Institut de Microbiologie de la Méditerranée (IMM) - Laboratoire d'Ingénierie des systèmes macromoléculaires (LISM)

Contexte : 
Notre équipe s’intéresse aux stratégies mises en jeu au cours d’une infection par la bactérie pathogène Pseudomonas aeruginosa. Plus particulièrement nous nous intéressons à caractériser comment elle est capable de s’établir et de se développer dans les poumons des patients atteint de la mucoviscidose sans que le système immunitaire ne soit capable de l’éradiquer. Cette bactérie est ainsi capable de fabriquer et utiliser des facteurs de virulence (armes) qui lui permettent de contourner et déstabiliser les défenses de l’hôte afin de faciliter la colonisation et/ou sa dissémination. Avec nos recherches nous espérons apprendre à mieux connaître les facteurs de virulence de P. aeruginosa afin d’empêcher qu’ils soient fabriqués ou empêcher qu’ils fonctionnent et ainsi être capables de désarmer le pathogène.

Objectifs :
La demande concerne un financement de 24 mois qui viendra en soutien de la Thèse de Lucas Dupuis, un étudiant prometteur qui a concouru et obtenu une bourse de thèse de l’Institut de Microbiologie, Bioénergie et Biotechnologie d’Aix-Marseille Université. Les expériences prévues dans ce projet auront pour but de tester pour la première fois l’attrayante hypothèse que trois protéines que nous avons identifiées sont des armes de P. aeruginosa et sont importantes au cours de l’infection. Ces trois protéines pourraient permettre au pathogène d’échapper au système immunitaire de l’hôte en aidant à résister à l’arrivée massive de cuivre. Ainsi, nous utiliserons diverses approches pour démontrer que ces protéines sont fabriquées et actives dans des souches cliniques de patients atteints de la mucoviscidose. Nous évaluerons ensuite si ces protéines sont fabriquées, en quelle quantité et avec quelle temporalité, directement dans des macrophages lors de la phagocytose (mécanisme clé de notre système immunitaire qui permet de tuer le pathogène). Enfin, nous évaluerons si les trois protéines sont importantes pendant la phagocytose et la survie intra-macrophagique.

Perspectives :
Les infections pulmonaires restent la cause principale de mortalité et de morbidité des patients atteints de mucoviscidose. Malgré les progrès réalisés pour lutter contre celles-ci, plusieurs bactéries sont devenues résistantes aux antibiotiques. Des moyens alternatifs de lutte contre les infections pulmonaires sont donc nécessaires. Les bactéries pathogènes telles que P. aeruginosa, utilisent diverses stratégies pour résister aux défenses de l’hôte et les cibler permettrait de désarmer la bactérie plutôt que de la tuer afin qu’elle puisse être ensuite éliminée par les défenses immunitaires de l’hôte. Ce projet, avec l’étude de 3 nouvelles armes potentielles de P. aeruginosa, s’inscrit dans ce contexte de recherche de nouvelles cibles thérapeutiques. Sa réalisation aidera à mieux comprendre comment P. aeruginosa résiste aux phagocytes, la 1ère ligne de défense de notre organisme contre le pathogène.
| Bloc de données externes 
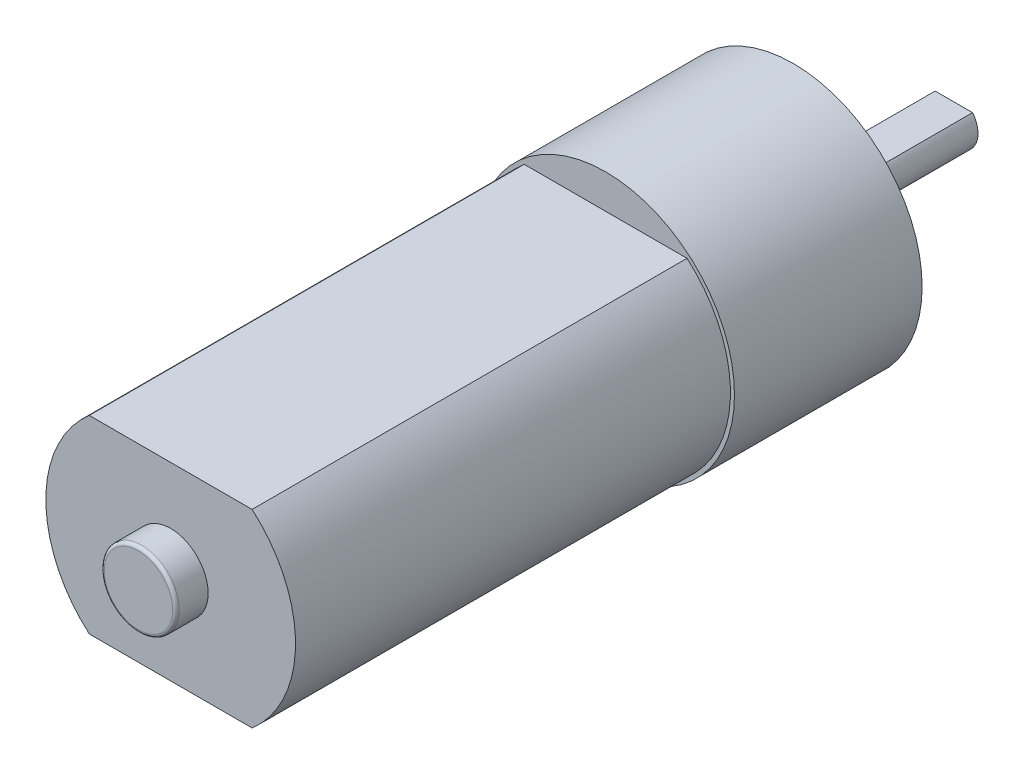
from build123d import *

# Parameters (mm, degrees)
SKETCH1_R                       = 8
BOSS_EXTRUDE1_DEPTH             = 11.65
SKETCH2_R                       = 2.975
BOSS_EXTRUDE2_DEPTH             = 1.82
SKETCH3_R                       = 1.5
BOSS_EXTRUDE3_DEPTH             = 8.15
SKETCH4_W                       = 2.321637354
SKETCH4_H                       = 1.249395682
CUT_EXTRUDE1_DEPTH              = 7
SKETCH5_R                       = 7.75
BOSS_EXTRUDE4_DEPTH             = 27
SKETCH6_W                       = 10.10878331
SKETCH6_H                       = 2.575875473
CUT_EXTRUDE2_DEPTH              = 27
SKETCH7_R                       = 2.325
BOSS_EXTRUDE6_DEPTH             = 2
FILLET1_R                       = 0.2
TAP_DRILL_FOR_M2X0_4_TAP1_D     = 1.6
TAP_DRILL_FOR_M2X0_4_TAP1_DEPTH = 3
TAP_DRILL_FOR_M2X0_4_TAP1_TIP   = 0.480688495


with BuildPart() as part:
    # Sketch1 → Boss-Extrude1 (new body)
    with BuildSketch(Plane.XY):
        Circle(SKETCH1_R)
    extrude(amount=BOSS_EXTRUDE1_DEPTH)

    # Sketch2 → Boss-Extrude2 (add)
    with BuildSketch(Plane(origin=(0, 0, 0), x_dir=(-1, 0, 0), z_dir=(0, 0, -1))):
        with Locations(Location((0, 0, 0), (0, 0, 180))):
            Circle(SKETCH2_R)
    extrude(amount=BOSS_EXTRUDE2_DEPTH)

    # Sketch3 → Boss-Extrude3 (add)
    with BuildSketch(Plane(origin=(0, 0, -1.82), x_dir=(-1, 0, 0), z_dir=(0, 0, -1))):
        Circle(SKETCH3_R)
    extrude(amount=BOSS_EXTRUDE3_DEPTH)

    # Sketch4 → Cut-Extrude1 (cut)
    with BuildSketch(Plane(origin=(0, 0, -9.97), x_dir=(-1, 0, 0), z_dir=(0, 0, -1))):
        with Locations((0, 1.574697841)):
            Rectangle(SKETCH4_W, SKETCH4_H)
    extrude(amount=-CUT_EXTRUDE1_DEPTH, mode=Mode.SUBTRACT)

    # Sketch5 → Boss-Extrude4 (add)
    with BuildSketch(Plane.XY.offset(11.65)):
        Circle(SKETCH5_R)
    extrude(amount=BOSS_EXTRUDE4_DEPTH)

    # Sketch6 → Cut-Extrude2 (cut)
    with BuildSketch(Plane.XY.offset(38.65)):
        with Locations((0, -7.162937736)):
            Rectangle(SKETCH6_W, SKETCH6_H)
    cut_extrude2 = extrude(amount=-CUT_EXTRUDE2_DEPTH, mode=Mode.SUBTRACT)

    # Mirror1: Cut-Extrude2 across plane
    add(cut_extrude2.mirror(Plane.ZX), mode=Mode.SUBTRACT)

    # Sketch7 → Boss-Extrude6 (add)
    with BuildSketch(Plane.XY.offset(38.65)):
        Circle(SKETCH7_R)
    extrude(amount=BOSS_EXTRUDE6_DEPTH)

    # Fillet1
    fillet1_edges = [part.edges().sort_by_distance(p)[0] for p in [
        (-2.325, 0, 40.65),
    ]]
    fillet(fillet1_edges, radius=FILLET1_R)

    # Tap Drill for M2x0.4 Tap1
    with Locations(Plane(origin=(0, 0, 0), x_dir=(-1, 0, 0), z_dir=(0, 0, -1))):
        with Locations((-5.5, 0), (5.5, 0)):
            Hole(TAP_DRILL_FOR_M2X0_4_TAP1_D / 2, depth=TAP_DRILL_FOR_M2X0_4_TAP1_DEPTH)
            with Locations((0, 0, -(TAP_DRILL_FOR_M2X0_4_TAP1_DEPTH + TAP_DRILL_FOR_M2X0_4_TAP1_TIP / 2))):  # 118° drill point
                Cone(0, TAP_DRILL_FOR_M2X0_4_TAP1_D / 2, TAP_DRILL_FOR_M2X0_4_TAP1_TIP, mode=Mode.SUBTRACT)


solid = part.part

C’est le 1er enjeu qui permettra le développement de voies thérapeutiques innovantes pour lutter contre la primo colonisation de P. aeruginosa et retarder, voire éliminer, le processus de chronicité.

Résultats obtenus :
Dans le cadre de nos recherches sur les mécanismes employés par le pathogène pour exercer sa virulence, nous travaillons sur un système de transport que P. aeruginosa possède et qui est essentiel à son pouvoir pathogène. Grâce aux soutiens des associations Vaincre la Mucoviscidose et Grégory Lemarchal nous avons identifié plusieurs protéines qui utilisent ce système pour leur transport vers leur lieu d’action. Etant donné que ce système de transport est important pour la virulence de P. aeruginosa il est probable que certaines des protéines que nous avons identifiées soient des armes du pathogène et c’est ce que nous voulons découvrir. Nous avons ensuite manipulé P. aeruginosa pour qu’elle ne fabrique plus ces armes potentielles et ceci nous a permis de découvrir que plusieurs d’entre elles étaient nécessaires à la tolérance au cuivre de P. aeruginosa. Le cuivre est un métal connu pour être bactéricide et la tolérance au cuivre est essentielle au processus d’infection. En effet, les macrophages, les 1ères cellules de l’immunité innée faisant face au pathogène, utilisent le cuivre comme un antibactérien pour éliminer les bactéries.